[Start of Attachment]

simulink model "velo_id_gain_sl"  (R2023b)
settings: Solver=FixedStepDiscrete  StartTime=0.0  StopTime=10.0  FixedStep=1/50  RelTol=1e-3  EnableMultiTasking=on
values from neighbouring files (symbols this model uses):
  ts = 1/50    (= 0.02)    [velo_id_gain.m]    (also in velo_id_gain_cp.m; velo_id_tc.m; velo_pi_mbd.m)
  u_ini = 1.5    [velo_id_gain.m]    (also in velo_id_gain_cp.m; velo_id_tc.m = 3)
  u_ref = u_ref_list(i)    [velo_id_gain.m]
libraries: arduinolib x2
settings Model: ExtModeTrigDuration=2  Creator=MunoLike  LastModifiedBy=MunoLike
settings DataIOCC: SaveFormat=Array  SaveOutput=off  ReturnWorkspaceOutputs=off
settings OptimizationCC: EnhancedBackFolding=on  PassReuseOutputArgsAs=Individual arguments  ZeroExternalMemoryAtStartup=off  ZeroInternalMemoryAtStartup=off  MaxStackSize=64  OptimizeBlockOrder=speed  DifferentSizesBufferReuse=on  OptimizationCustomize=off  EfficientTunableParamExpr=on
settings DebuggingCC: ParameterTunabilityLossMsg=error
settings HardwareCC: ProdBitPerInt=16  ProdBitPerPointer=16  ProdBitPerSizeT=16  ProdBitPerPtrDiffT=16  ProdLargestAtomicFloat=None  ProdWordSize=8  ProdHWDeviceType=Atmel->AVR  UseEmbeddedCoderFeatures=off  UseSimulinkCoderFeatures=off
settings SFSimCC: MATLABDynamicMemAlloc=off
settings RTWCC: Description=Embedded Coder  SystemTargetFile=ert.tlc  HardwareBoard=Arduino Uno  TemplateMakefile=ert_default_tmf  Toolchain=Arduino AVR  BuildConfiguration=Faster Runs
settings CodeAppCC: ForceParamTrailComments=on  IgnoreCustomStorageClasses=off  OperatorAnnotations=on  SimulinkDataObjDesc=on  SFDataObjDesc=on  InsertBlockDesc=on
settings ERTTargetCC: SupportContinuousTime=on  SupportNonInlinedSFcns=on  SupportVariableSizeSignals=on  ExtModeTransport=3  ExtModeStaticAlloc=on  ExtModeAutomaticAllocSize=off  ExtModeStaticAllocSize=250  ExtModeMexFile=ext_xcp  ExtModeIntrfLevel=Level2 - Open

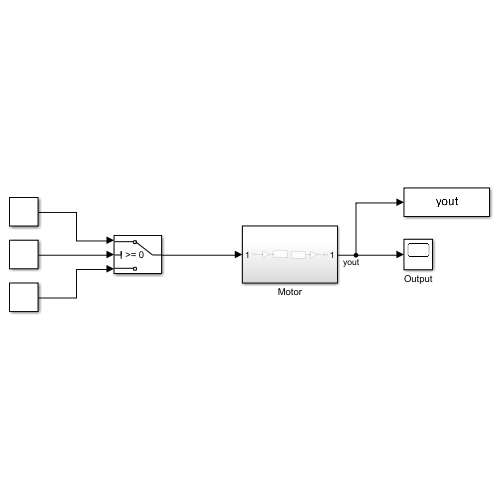
[thumbnail: Simulink's stored preview of the top-level diagram]
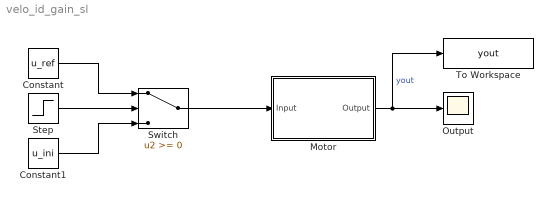
== system velo_id_gain_sl ==
  Constant : Constant  Value=u_ref
  Constant1 : Constant  Value=u_ini
  Motor : Subsystem
  Output : Scope
  Step : Step  SampleTime=0
  Switch : Switch  SaturateOnIntegerOverflow=off  InputSameDT=off
  To Workspace : ToWorkspace  VariableName=yout  SaveFormat=Structure With Time  SampleTime=-1
  wires:
  Constant/1 -> Switch/1
  Step/1 -> Switch/2
  Constant1/1 -> Switch/3
  Switch/1 -> Motor/1(Input)
  Motor/1(Output) -> To Workspace/1, Output/1  "yout"

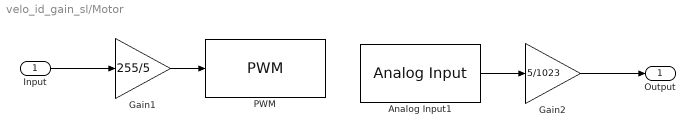
== system velo_id_gain_sl/Motor ==
  Input : Inport
  Analog Input1 : arduinolib/Analog Input  pinNumber=0  ReadResultsOnly=off  ConversionTriggerSource=Software  ExternalTriggerType=uint32( 0 )  OutputDataType=uint16  EnableConversionCompleteNotify=off  EnableOuputStatus=off  SampleTime=ts  blockPlatform=arduino
  Gain1 : Gain  Gain=255/5  OutDataTypeStr=double
  Gain2 : Gain  Gain=5/1023  OutDataTypeStr=double
  PWM : arduinolib/PWM  pinNumber=3  frequencyType=Default  desiredFrequency=490.2  achievableFrequency=490.2
  Output : Outport
  wires:
  Input/1 -> Gain1/1
  Analog Input1/1 -> Gain2/1
  Gain1/1 -> PWM/1
  Gain2/1 -> Output/1

[End of Attachment]

* **Problem to solve**
Exactly as they appear, copy the lines of the listing above from the first through the one that contains "settings DebuggingCC: ParameterTunabilityLossMsg=error", and nothing more.

* **Exercise solution**
simulink model "velo_id_gain_sl"  (R2023b)
settings: Solver=FixedStepDiscrete  StartTime=0.0  StopTime=10.0  FixedStep=1/50  RelTol=1e-3  EnableMultiTasking=on
values from neighbouring files (symbols this model uses):
  ts = 1/50    (= 0.02)    [velo_id_gain.m]    (also in velo_id_gain_cp.m; velo_id_tc.m; velo_pi_mbd.m)
  u_ini = 1.5    [velo_id_gain.m]    (also in velo_id_gain_cp.m; velo_id_tc.m = 3)
  u_ref = u_ref_list(i)    [velo_id_gain.m]
libraries: arduinolib x2
settings Model: ExtModeTrigDuration=2  Creator=MunoLike  LastModifiedBy=MunoLike
settings DataIOCC: SaveFormat=Array  SaveOutput=off  ReturnWorkspaceOutputs=off
settings OptimizationCC: EnhancedBackFolding=on  PassReuseOutputArgsAs=Individual arguments  ZeroExternalMemoryAtStartup=off  ZeroInternalMemoryAtStartup=off  MaxStackSize=64  OptimizeBlockOrder=speed  DifferentSizesBufferReuse=on  OptimizationCustomize=off  EfficientTunableParamExpr=on
settings DebuggingCC: ParameterTunabilityLossMsg=error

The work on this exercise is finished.